Dengan demikian kesehatan jiwa itu juga identik bagi al-Ghazali dengan keimanan dan ketakwaan dalam arti tazkiyat al nafs. Dari uraian yang telah dikemukakan di atas dapat ditegaskan bahwa iman dan takwa memiliki relevansi yang sangat erat sekali dengan soal kejiwaan. Iman dan takwa itulah arti psikologi dan kesehatan mental yang sesungguhnya bagi manusia  dalam Islam.
PENUTUP
  1. Kesimpulan
Kesehatan mental dalam kehidupan manusia merupakan masalah yang amat penting karena menyangkut soal kualitas dan kebahagian manusia. Tanpa kesehatan yang baik orang tidak akan mungkin mendapatkan kebahagian dan kualitas sumber daya manusia yang tinggi.
Hal itu karena yang bisa menjamin kebahagian manusia tersebut adalah kejiwaan, kesehatan dan keberagamaan yang dimiliki manusia. Tiga faktor tersebut sangat sejalan sekali dalam mencapai kebahagian hidup manusia didunia dan akhirat, karena kebahagian yang harus dicapai itu tidak hanya kebahagian didunia melainkan juga kebahagian diakhirat kelak.

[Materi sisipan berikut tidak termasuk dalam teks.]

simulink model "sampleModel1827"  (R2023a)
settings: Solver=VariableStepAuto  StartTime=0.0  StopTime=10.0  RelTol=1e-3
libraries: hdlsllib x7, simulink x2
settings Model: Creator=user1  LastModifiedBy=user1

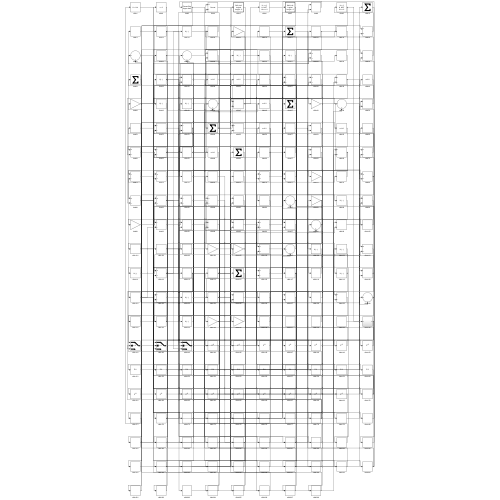
[thumbnail: Simulink's stored preview of the top-level diagram]
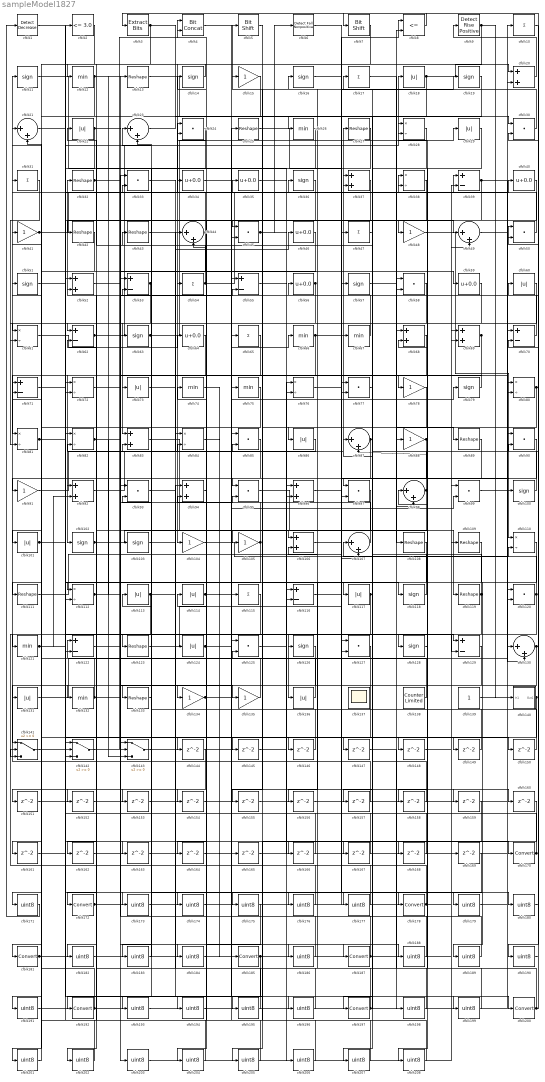
== system sampleModel1827 ==
  cfblk1 : simulink/Logic and Bit Operations/Detect Decrease  vinit=0.0  OutDataTypeStr=boolean
      settings: LibrarySourceBlock=|
      | hdlsllib/Logic and Bit
      | Operations/Detect
      | Decrease
  cfblk{10,17,31,47,54,65,115} (7 alike) : Sum  Inputs=+
  cfblk{11,14,16,19,36,51,57,63,79,100,102..103,118,126,128} (15 alike) : Signum
  cfblk{18,22,29,60,73,86,101,113..114,117,124,131,136} (13 alike) : Abs  SaturateOnIntegerOverflow=off
  cfblk{15,41,48,78,88,91,104..105,134..135} (10 alike) : Gain
  cfblk{20,37,52,68..69,83,92,94,96,106} (10 alike) : Sum
  cfblk{21,23,44,49,87,98,107,130} (8 alike) : Sum  Inputs=|++
  cfblk{13,25,27,32,42..43,89,108..109,111,119,123,133} (13 alike) : Reshape
  cfblk{28,38,61,72,76,80..82,84,110,112} (11 alike) : Product  Inputs=*/  RndMeth=Zero  SaturateOnIntegerOverflow=on
  cfblk{39,53,55,62,70..71,116,122,129} (9 alike) : Sum  Inputs=+-
  cfblk{12,26,66..67,74..75,121,132} (8 alike) : MinMax
  cfblk{24,30,33,45,50,58,77,85,90,93,95,97,99,120,125,127} (16 alike) : DotProduct  OutDataTypeStr=Inherit: Inherit via internal rule
  cfblk137 : Scope
      settings: Floating=on
  cfblk138 : hdlsllib/Sources/Counter Limited  uplimit=7  tsamp=-1
  cfblk139 : Constant  SampleTime=-1
  cfblk140 : Subsystem
      settings: LibrarySourceBlock=|
      | hdlsllib/Ports &
      | Subsystems/Subsystem
  cfblk141 : Switch  SaturateOnIntegerOverflow=off  InputSameDT=off
  cfblk142 : Switch  SaturateOnIntegerOverflow=off  InputSameDT=off
  cfblk143 : Switch  SaturateOnIntegerOverflow=off  InputSameDT=off
  cfblk{144..169} (26 alike) : Delay  SampleTime=1
  cfblk{170,172,178,181,185,187,192,197,200} (9 alike) : DataTypeConversion  SaturateOnIntegerOverflow=off  RndMeth=Floor
  cfblk{171,173..177,179..180,182..184,186,188..191,193..196,198..199,201..208} (30 alike) : DataTypeConversion  OutDataTypeStr=uint8  SaturateOnIntegerOverflow=off  RndMeth=Floor
  cfblk2 : hdlsllib/Logic and Bit Operations/Compare To Constant  relop=<=  const=3.0  OutDataTypeStr=boolean
  cfblk3 : simulink/Logic and Bit Operations/Extract Bits  bitsToExtract=Upper half  numBits=8  bitIdxRange=[0 7]  outScalingMode=Preserve fixed-point scaling
      settings: LibrarySourceBlock=|
      | hdlsllib/Logic and Bit
      | Operations/Extract Bits
  cfblk{34..35,40,46,56,59,64} (7 alike) : Bias  Bias=0.0  SaturateOnIntegerOverflow=off
  cfblk4 : hdlsllib/Logic and Bit Operations/Bit Concat  numInputs=2
  cfblk5 : hdlsllib/Logic and Bit Operations/Bit Shift  mode=Shift Left Logical  N=0
  cfblk6 : hdlsllib/Logic and Bit Operations/Detect Fall Nonpositive  vinit=0  OutDataTypeStr=boolean
  cfblk7 : hdlsllib/Logic and Bit Operations/Bit Shift  mode=Shift Left Logical  N=0
  cfblk8 : RelationalOperator  Operator=<=  OutDataTypeStr=boolean  InputSameDT=off
  cfblk9 : hdlsllib/Logic and Bit Operations/Detect Rise Positive  vinit=0  OutDataTypeStr=boolean
  wires:
  cfblk58/1 -> cfblk83/1
  cfblk84/1 -> cfblk115/1
  cfblk18/1 -> cfblk20/1, cfblk91/1
  cfblk79/1 -> cfblk78/1
  cfblk54/1 -> cfblk40/1, cfblk22/1, cfblk39/1
  cfblk142/1 -> cfblk4/1
  cfblk1/1 -> cfblk170/1
  cfblk92/1 -> cfblk27/1
  cfblk30/1 -> cfblk5/1
  cfblk129/1 -> cfblk11/1
  cfblk53/1 -> cfblk73/1, cfblk61/2
  cfblk41/1 -> cfblk36/1, cfblk48/1
  cfblk67/1 -> cfblk32/1
  cfblk11/1 -> cfblk116/1
  cfblk15/1 -> cfblk104/1
  cfblk117/1 -> cfblk167/1, cfblk201/1
  cfblk102/1 -> cfblk106/1, cfblk184/1
  cfblk120/1 -> cfblk107/1, cfblk136/1
  cfblk48/1 -> cfblk110/1
  cfblk63/1 -> cfblk29/1, cfblk46/1
  cfblk74/1 -> cfblk185/1
  cfblk93/1 -> cfblk187/1
  cfblk69/1 -> cfblk123/1, cfblk208/1
  cfblk64/1 -> cfblk102/1
  cfblk123/1 -> cfblk67/1
  cfblk32/1 -> cfblk143/1, cfblk58/2
  cfblk106/1 -> cfblk128/1
  cfblk45/1 -> cfblk6/1, cfblk149/1
  cfblk121/1 -> cfblk92/2, cfblk177/1, cfblk180/1
  cfblk87/1 -> cfblk97/1, cfblk117/1
  cfblk133/1 -> cfblk113/1
  cfblk127/1 -> cfblk172/1
  cfblk25/1 -> cfblk77/1
  cfblk20/1 -> cfblk9/1
  cfblk35/1 -> cfblk59/1
  cfblk130/1 -> cfblk7/1, cfblk164/1
  cfblk5/1 -> cfblk45/1
  cfblk36/1 -> cfblk45/2
  cfblk95/1 -> cfblk119/1
  cfblk96/1 -> cfblk19/1
  cfblk22/1 -> cfblk135/1, cfblk72/2
  cfblk140/1(Out1) -> cfblk161/1, cfblk162/1
  cfblk113/1 -> cfblk118/1, cfblk141/3, cfblk131/1, cfblk186/1
  cfblk82/1 -> cfblk55/2, cfblk143/3, cfblk188/1
  cfblk7/1 -> cfblk54/1
  cfblk62/1 -> cfblk18/1, cfblk80/2
  cfblk128/1 -> cfblk98/1
  cfblk44/1 -> cfblk24/1, cfblk71/1
  cfblk9/1 -> cfblk140/1(In1), cfblk182/1
  cfblk104/1 -> cfblk110/2
  cfblk78/1 -> cfblk86/1
  cfblk118/1 -> cfblk34/1
  cfblk119/1 -> cfblk28/2, cfblk156/1
  cfblk43/1 -> cfblk84/1
  cfblk46/1 -> cfblk62/1
  cfblk66/1 -> cfblk81/1, cfblk100/1
  cfblk132/1 -> cfblk53/1, cfblk41/1
  cfblk141/1 -> cfblk35/1
  cfblk13/1 -> cfblk55/1
  cfblk8/1 -> cfblk3/1
  cfblk50/1 -> cfblk24/2
  cfblk83/1 -> cfblk105/1
  cfblk17/1 -> cfblk89/1
  cfblk31/1 -> cfblk81/2
  cfblk107/1 -> cfblk14/1
  cfblk24/1 -> cfblk42/1
  cfblk114/1 -> cfblk99/2, cfblk165/1, cfblk176/1
  cfblk76/1 -> cfblk8/1
  cfblk136/1 -> cfblk122/1
  cfblk23/1 -> cfblk30/1
  cfblk42/1 -> cfblk111/1
  cfblk59/1 -> cfblk101/1
  cfblk88/1 -> cfblk87/2, cfblk151/1
  cfblk57/1 -> cfblk108/1
  cfblk65/1 -> cfblk192/1
  cfblk101/1 -> cfblk116/2, cfblk148/1
  cfblk49/1 -> cfblk120/1
  cfblk3/1 -> cfblk26/1, cfblk61/1
  cfblk14/1 -> cfblk12/1
  cfblk138/1 -> cfblk51/1
  cfblk143/1 -> cfblk96/2
  cfblk70/1 -> cfblk37/1
  cfblk81/1 -> cfblk28/1, cfblk129/2, cfblk168/1
  cfblk86/1 -> cfblk82/2
  cfblk91/1 -> cfblk44/1
  cfblk134/1 -> cfblk79/1, cfblk66/1
  cfblk85/1 -> cfblk92/1
  cfblk51/1 -> cfblk2/1
  cfblk75/1 -> cfblk181/1
  cfblk39/1 -> cfblk80/1, cfblk63/1
  cfblk111/1 -> cfblk57/1
  cfblk131/1 -> cfblk70/1
  cfblk105/1 -> cfblk122/2, cfblk44/2
  cfblk80/1 -> cfblk50/1, cfblk95/1
  cfblk26/1 -> cfblk132/1
  cfblk139/1 -> cfblk20/2
  cfblk89/1 -> cfblk133/1
  cfblk124/1 -> cfblk126/1, cfblk159/1
  cfblk103/1 -> cfblk129/1
  cfblk61/1 -> cfblk64/1
  cfblk12/1 -> cfblk142/3, cfblk144/1
  cfblk135/1 -> cfblk84/2
  cfblk56/1 -> cfblk76/2, cfblk191/1
  cfblk99/1 -> cfblk130/2
  cfblk100/1 -> cfblk43/1
  cfblk126/1 -> cfblk141/1
  cfblk90/1 -> cfblk178/1
  cfblk2/1 -> cfblk121/1
  cfblk77/1 -> cfblk17/1
  cfblk116/1 -> cfblk47/1
  cfblk98/1 -> cfblk134/1, cfblk31/1, cfblk38/2, cfblk112/1
  cfblk72/1 -> cfblk38/1
  cfblk68/1 -> cfblk197/1
  cfblk60/1 -> cfblk77/2
  cfblk34/1 -> cfblk49/1
  cfblk112/1 -> cfblk103/1, cfblk13/1, cfblk95/2
  cfblk21/1 -> cfblk200/1
  cfblk37/1 -> cfblk145/1
  cfblk145/1 -> cfblk76/1
  cfblk109/1 -> cfblk146/1
  cfblk146/1 -> cfblk85/2
  cfblk47/1 -> cfblk147/1
  cfblk148/1 -> cfblk49/2
  cfblk149/1 -> cfblk23/2
  cfblk6/1 -> cfblk150/1
  cfblk150/1 -> cfblk4/2
  cfblk151/1 -> cfblk8/2
  cfblk40/1 -> cfblk152/1
  cfblk152/1 -> cfblk130/1
  cfblk115/1 -> cfblk153/1
  cfblk153/1 -> cfblk107/2
  cfblk38/1 -> cfblk154/1
  cfblk154/1 -> cfblk98/2
  cfblk108/1 -> cfblk155/1
  cfblk155/1 -> cfblk50/2
  cfblk156/1 -> cfblk97/2
  cfblk28/1 -> cfblk157/1
  cfblk157/1 -> cfblk82/1
  cfblk29/1 -> cfblk158/1
  cfblk158/1 -> cfblk87/1
  cfblk55/1 -> cfblk160/1
  cfblk162/1 -> cfblk39/2
  cfblk71/1 -> cfblk163/1
  cfblk163/1 -> cfblk96/1
  cfblk164/1 -> cfblk69/2
  cfblk165/1 -> cfblk120/2
  cfblk122/1 -> cfblk166/1
  cfblk166/1 -> cfblk83/2
  cfblk167/1 -> cfblk142/1
  cfblk168/1 -> cfblk142/2
  cfblk170/1 -> cfblk58/1, cfblk56/1
  cfblk144/1 -> cfblk171/1
  cfblk171/1 -> cfblk1/1
  cfblk172/1 -> cfblk143/2, cfblk69/1
  cfblk161/1 -> cfblk173/1
  cfblk173/1 -> cfblk127/1
  cfblk97/1 -> cfblk174/1
  cfblk174/1 -> cfblk127/2
  cfblk33/1 -> cfblk175/1
  cfblk176/1 -> cfblk33/1
  cfblk177/1 -> cfblk33/2
  cfblk178/1 -> cfblk72/1, cfblk106/2, cfblk141/2
  cfblk16/1 -> cfblk179/1
  cfblk179/1 -> cfblk90/1
  cfblk180/1 -> cfblk90/2
  cfblk181/1 -> cfblk112/2, cfblk124/1
  cfblk182/1 -> cfblk75/1
  cfblk169/1 -> cfblk183/1
  cfblk183/1 -> cfblk53/2
  cfblk184/1 -> cfblk169/1
  cfblk185/1 -> cfblk15/1, cfblk202/1
  cfblk186/1 -> cfblk74/1
  cfblk187/1 -> cfblk88/1, cfblk23/1
  cfblk188/1 -> cfblk93/1
  cfblk110/1 -> cfblk189/1
  cfblk189/1 -> cfblk93/2
  cfblk10/1 -> cfblk190/1
  cfblk190/1 -> cfblk60/1
  cfblk191/1 -> cfblk10/1
  cfblk192/1 -> cfblk71/2, cfblk25/1
  cfblk27/1 -> cfblk193/1
  cfblk193/1 -> cfblk65/1
  cfblk94/1 -> cfblk194/1
  cfblk194/1 -> cfblk85/1
  cfblk160/1 -> cfblk195/1
  cfblk195/1 -> cfblk94/1
  cfblk73/1 -> cfblk196/1
  cfblk196/1 -> cfblk94/2
  cfblk197/1 -> cfblk16/1, cfblk109/1, cfblk37/2
  cfblk147/1 -> cfblk198/1
  cfblk198/1 -> cfblk68/1
  cfblk4/1 -> cfblk199/1
  cfblk199/1 -> cfblk68/2
  cfblk200/1 -> cfblk30/2, cfblk62/2, cfblk70/2
  cfblk201/1 -> cfblk21/1
  cfblk202/1 -> cfblk21/2
  cfblk52/1 -> cfblk203/1
  cfblk203/1 -> cfblk99/1
  cfblk175/1 -> cfblk204/1
  cfblk204/1 -> cfblk52/1
  cfblk159/1 -> cfblk205/1
  cfblk205/1 -> cfblk52/2
  cfblk125/1 -> cfblk206/1
  cfblk206/1 -> cfblk114/1
  cfblk19/1 -> cfblk207/1
  cfblk207/1 -> cfblk125/1
  cfblk208/1 -> cfblk125/2

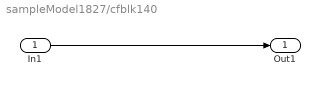
== system sampleModel1827/cfblk140 ==
  In1 : Inport
  Out1 : Outport
  wires:
  In1/1 -> Out1/1

Islam memiliki konsep tersendiri dan khas tentang kesehatan mental. Pandangan islam tentang kesehatan jiwa berdasarkan atas prinsip keagamaan dan pemikiran falsafat yang terdapat dalam ajaran-ajaran islam. Berdasarkan pemikiran diatas maka setidak-tidaknya ada enam prinsip keagamaan dan pemikiran filsafat yang mendasari konsep dan pemahaman islam tentang kesehatan jiwa. dapat ditegaskan bahwa iman dan takwa memiliki relevansi yang sangat erat sekali dengan soal kejiwaan. Iman dan takwa itulah arti psikologi dan kesehatan mental yang sesungguhnya bagi manusia  dalam Islam.
2. Saran
Dalam penulisan makalah ini banyak terdapat kekurangan baik dari segi isi maupun dari segi penulisan untuk itu pemakalah minta kritik dan sarannya yang bersifat mendidik untuk kemajuan yang akan mendatang dari berbagai pihak.